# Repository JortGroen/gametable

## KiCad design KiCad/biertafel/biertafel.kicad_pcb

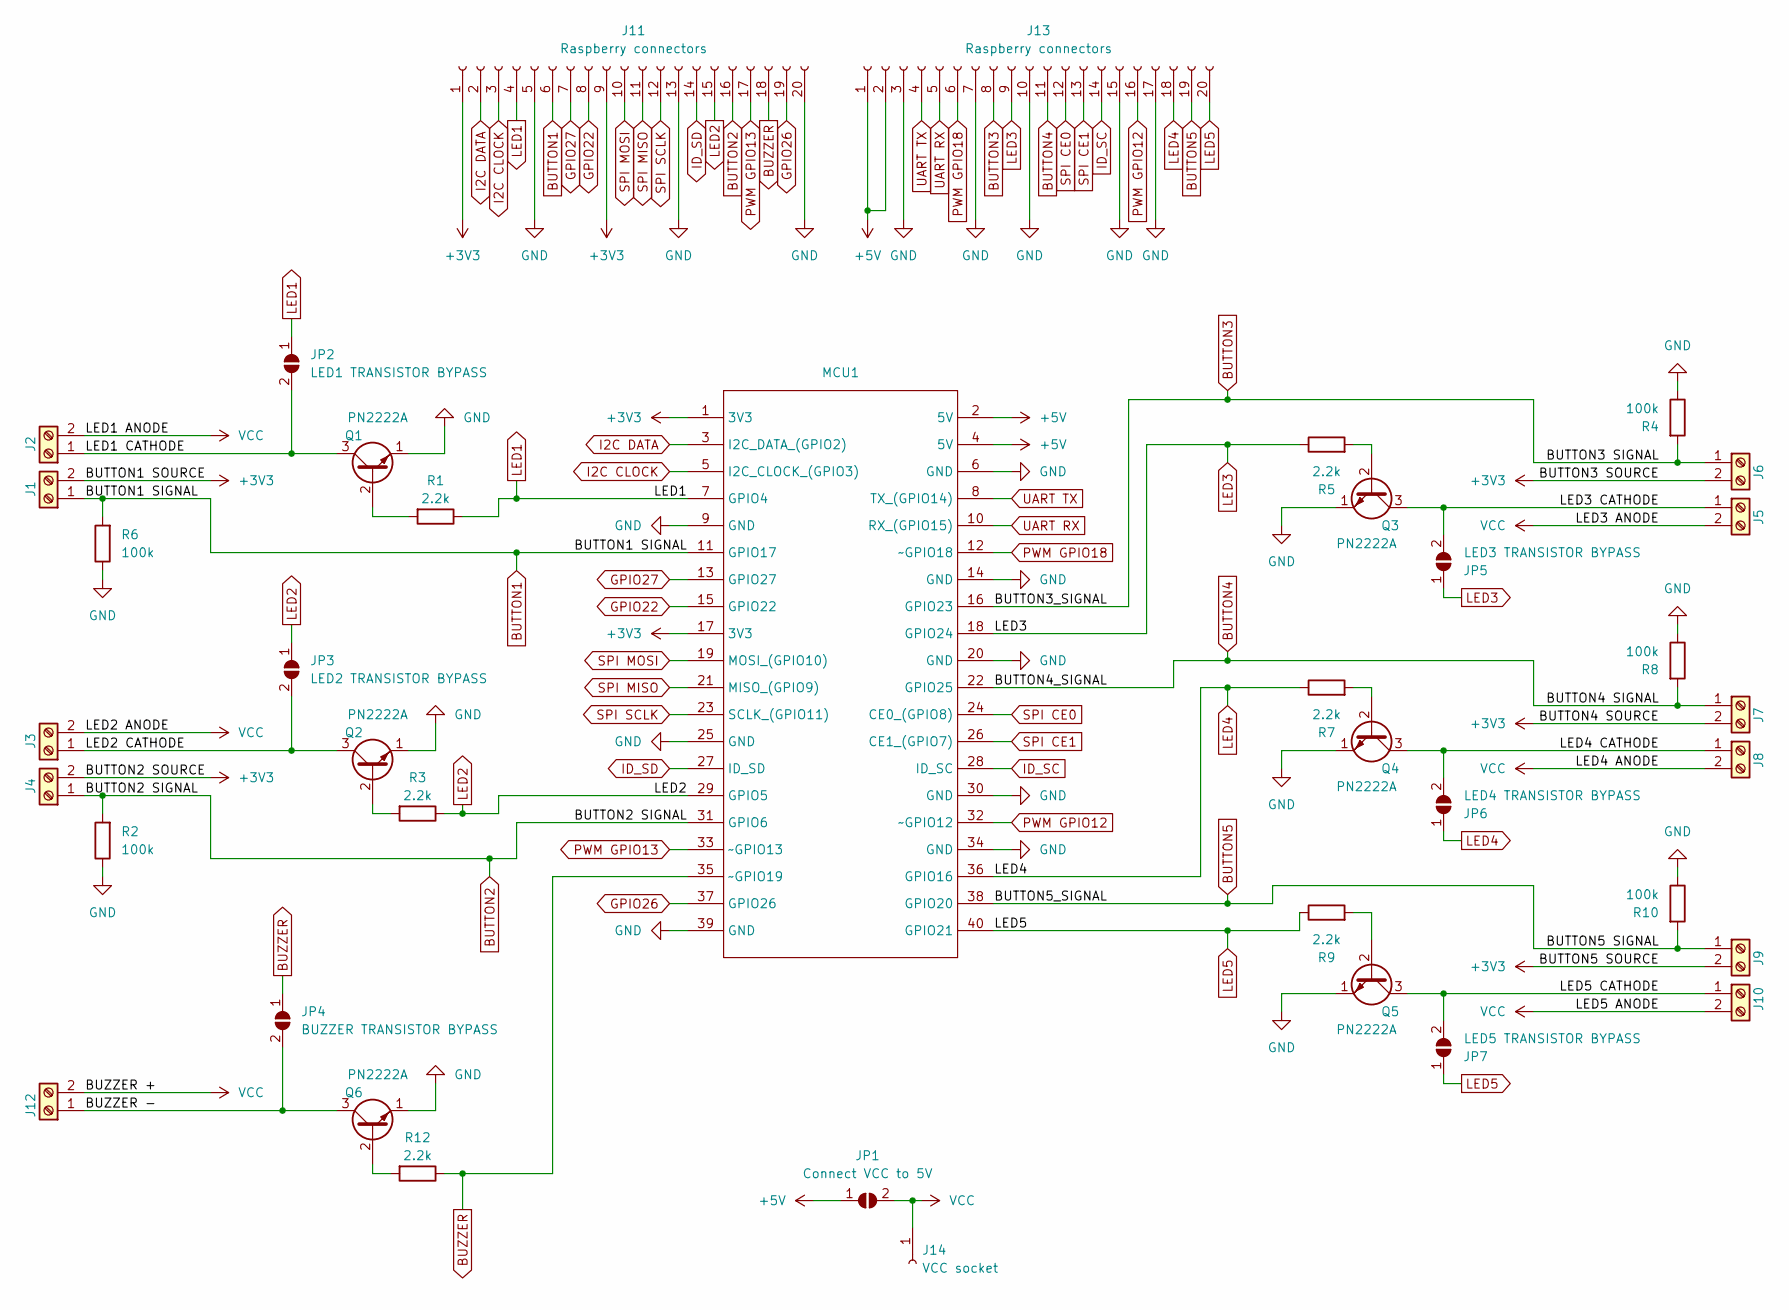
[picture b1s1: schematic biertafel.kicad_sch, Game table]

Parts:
J1, J2, J3, J4, J5, J6, J7, J8, J9, J10, J12: Screw_Terminal_01x02; 1725656
J11, J13: Raspberry connectors; PinSocket_1x20_P2.54mm_Vertical
J14: VCC socket; PinSocket_1x01_P2.54mm_Vertical
JP1: Connect VCC to 5V; SolderJumper-2_P1.3mm_Open_RoundedPad1.0x1.5mm
JP2: LED1 TRANSISTOR BYPASS; SolderJumper-2_P1.3mm_Open_RoundedPad1.0x1.5mm
JP3: LED2 TRANSISTOR BYPASS; SolderJumper-2_P1.3mm_Open_RoundedPad1.0x1.5mm
JP4: BUZZER TRANSISTOR BYPASS; SolderJumper-2_P1.3mm_Open_RoundedPad1.0x1.5mm
JP5: LED3 TRANSISTOR BYPASS; SolderJumper-2_P1.3mm_Open_RoundedPad1.0x1.5mm
JP6: LED4 TRANSISTOR BYPASS; SolderJumper-2_P1.3mm_Open_RoundedPad1.0x1.5mm
JP7: LED5 TRANSISTOR BYPASS; SolderJumper-2_P1.3mm_Open_RoundedPad1.0x1.5mm
MCU1: Raspberry PI Zero W
Q1, Q2, Q3, Q4, Q5, Q6: PN2222A; TO-92_Inline
R1, R3, R5, R7, R9, R12: 2.2k; R_Axial_DIN0207_L6.3mm_D2.5mm_P10.16mm_Horizontal
R2, R4, R6, R8, R10: 100k; R_Axial_DIN0207_L6.3mm_D2.5mm_P10.16mm_Horizontal

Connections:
+3V3: J1.2, J4.2, J6.2, J7.2, J9.2, J11.1, J11.9, MCU1.1 (3V3), MCU1.17 (3V3)
+5V: J13.1, J13.2, JP1.1 (A), MCU1.2 (5V), MCU1.4 (5V)
/BUZZER -: J12.1, JP4.2 (B), Q6.3 (C)
/LED1 CATHODE: J2.1, JP2.2 (B), Q1.3 (C)
/LED2 CATHODE: J3.1, JP3.2 (B), Q2.3 (C)
/LED3 CATHODE: J5.1, JP5.2 (B), Q3.3 (C)
/LED4 CATHODE: J8.1, JP6.2 (B), Q4.3 (C)
/LED5 CATHODE: J10.1, JP7.2 (B), Q5.3 (C)
BUTTON1: J1.1, J11.6, MCU1.11 (GPIO17), R6.2
BUTTON2: J4.1, J11.16, MCU1.31 (GPIO6), R2.2
BUTTON3: J6.1, J13.8, MCU1.16 (GPIO23), R4.2
BUTTON4: J7.1, J13.11, MCU1.22 (GPIO25), R8.2
BUTTON5: J9.1, J13.19, MCU1.38 (GPIO20), R10.2
BUZZER: J11.18, JP4.1 (A), MCU1.35 (~GPIO19), R12.1
GND: J11.5, J11.13, J11.20, J13.3, J13.7, J13.10, J13.15, J13.17, MCU1.6 (GND), MCU1.9 (GND), MCU1.14 (GND), MCU1.20 (GND), MCU1.25 (GND), MCU1.30 (GND), MCU1.34 (GND), MCU1.39 (GND), Q1.1 (E), Q2.1 (E), Q3.1 (E), Q4.1 (E), Q5.1 (E), Q6.1 (E), R2.1, R4.1, R6.1, R8.1, R10.1
GPIO22: J11.8, MCU1.15 (GPIO22)
GPIO26: J11.19, MCU1.37 (GPIO26)
GPIO27: J11.7, MCU1.13 (GPIO27)
I2C CLOCK: J11.3, MCU1.5 (I2C_CLOCK_(GPIO3))
I2C DATA: J11.2, MCU1.3 (I2C_DATA_(GPIO2))
ID_SC: J13.14, MCU1.28 (ID_SC)
ID_SD: J11.14, MCU1.27 (ID_SD)
LED1: J11.4, JP2.1 (A), MCU1.7 (GPIO4), R1.1
LED2: J11.15, JP3.1 (A), MCU1.29 (GPIO5), R3.1
LED3: J13.9, JP5.1 (A), MCU1.18 (GPIO24), R5.1
LED4: J13.18, JP6.1 (A), MCU1.36 (GPIO16), R7.1
LED5: J13.20, JP7.1 (A), MCU1.40 (GPIO21), R9.1
unnamed: Q1.2 (B), R1.2
unnamed: Q2.2 (B), R3.2
unnamed: Q3.2 (B), R5.2
unnamed: Q4.2 (B), R7.2
unnamed: Q5.2 (B), R9.2
unnamed: Q6.2 (B), R12.2
PWM GPIO12: J13.16, MCU1.32 (~GPIO12)
PWM GPIO13: J11.17, MCU1.33 (~GPIO13)
PWM GPIO18: J13.6, MCU1.12 (~GPIO18)
SPI CE0: J13.12, MCU1.24 (CE0_(GPIO8))
SPI CE1: J13.13, MCU1.26 (CE1_(GPIO7))
SPI MISO: J11.11, MCU1.21 (MISO_(GPIO9))
SPI MOSI: J11.10, MCU1.19 (MOSI_(GPIO10))
SPI SCLK: J11.12, MCU1.23 (SCLK_(GPIO11))
UART RX: J13.5, MCU1.10 (RX_(GPIO15))
UART TX: J13.4, MCU1.8 (TX_(GPIO14))
VCC: J2.2, J3.2, J5.2, J8.2, J10.2, J12.2, J14.1, JP1.2 (B)

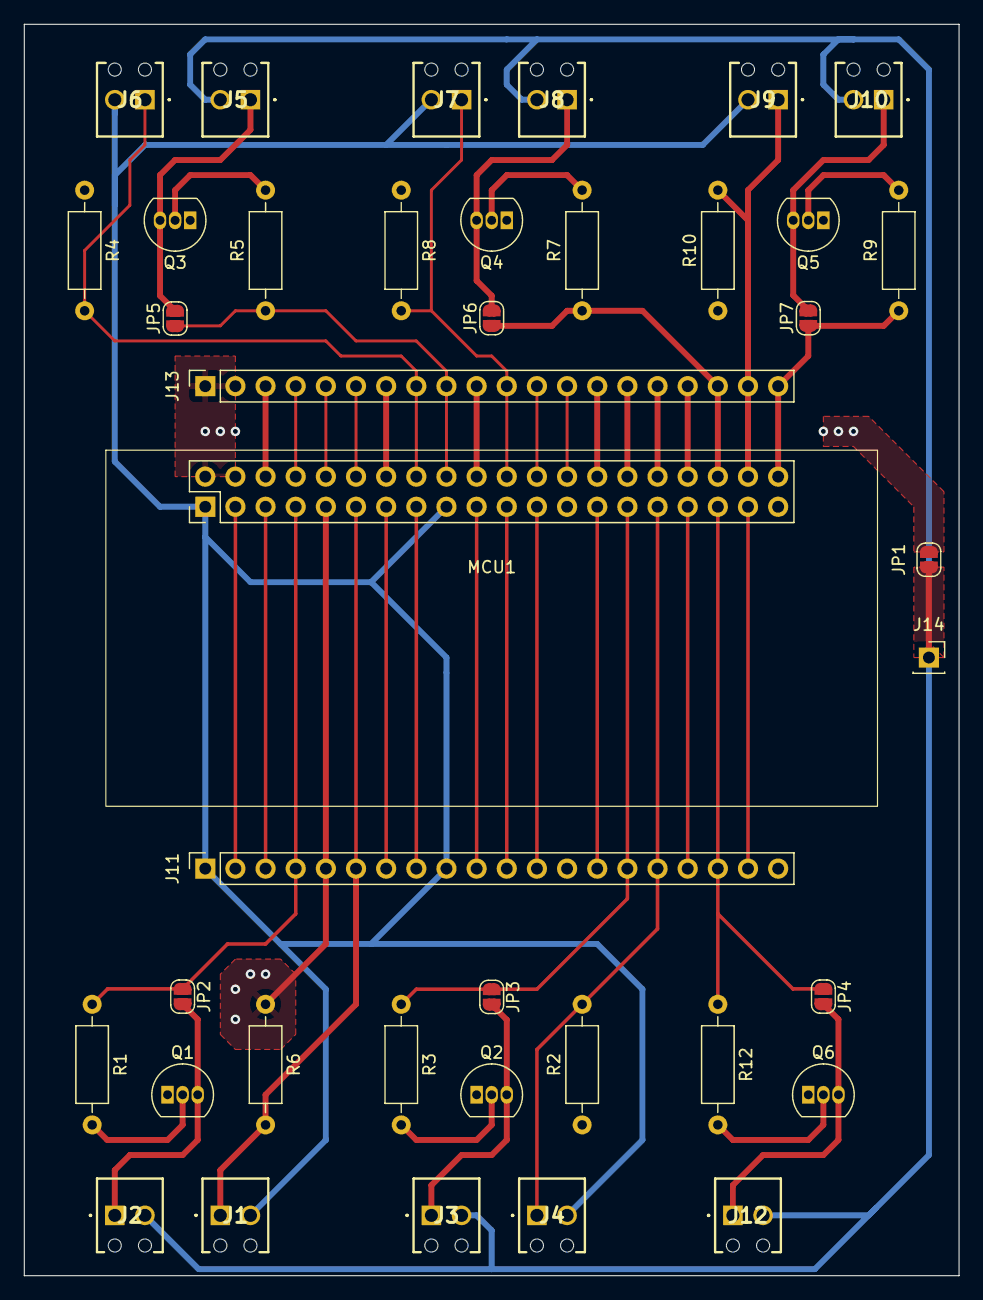
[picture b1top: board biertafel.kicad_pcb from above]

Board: 2 copper layers, 78.7 x 105.4 mm, 39 parts (0 on the bottom side), 44 nets.

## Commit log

2022-12-01 Initial build for NodeMCU v1 with roulette demo
2022-12-05 added main menu new helper functions: blinkedLed, waitforpress
2022-12-05 added main menu functionallity
2022-12-05 different style for roulette game added
2022-12-05 new pick a tooth game
2022-12-07 bug fix: re-pressing teeth
2022-12-07 new game: crashpilot
2022-12-07 added party mode
2023-02-25 Added Buzzer functionality
2023-02-25 improved speed of roulette1 game added buzzer to roulette1 game
2023-02-25 created the single tune Music generator program for checking delay times of button presses
2023-02-25 Now the music generator gives you the music code instantly
2023-02-25 added celebration and put it to the end of roulette1
2023-06-14 Moved arduino files to designated folder as preparation to the switch to Raspberry PI Zero W
2023-06-14 Added initial KiCad PCB design for Raspberry PI Zero W version
2023-06-14 Raspberry PI Zero W symbol now contains all functionalities per port
2023-07-10 First version of schematic finished, started with PCB layout
2023-07-10 In PCB layout, placed the objects to aprox position
2023-09-22 moved files inside "gametable" dir, according to Arduino requirements. Tried to fix bug in crashpilot where green gets blamed for nothing introduced beeps in other games that didn't have any
2023-09-22 New Game! Wack a mole, has same player menu as crash pilot. Press the button in time!
2024-02-14 PCB layout V0.1
2024-02-15 added compatibility for Mini version

=====

Look back at the entries above. Retype the line with "BUTTON4: J7.1, J13.11, MCU1.22 (GPIO25), R8.2", the line with "BUZZER: J11.18, JP4.1", and all lines in between.

SOLUTION TO THIS PROBLEM:
BUTTON4: J7.1, J13.11, MCU1.22 (GPIO25), R8.2
BUTTON5: J9.1, J13.19, MCU1.38 (GPIO20), R10.2
BUZZER: J11.18, JP4.1 (A), MCU1.35 (~GPIO19), R12.1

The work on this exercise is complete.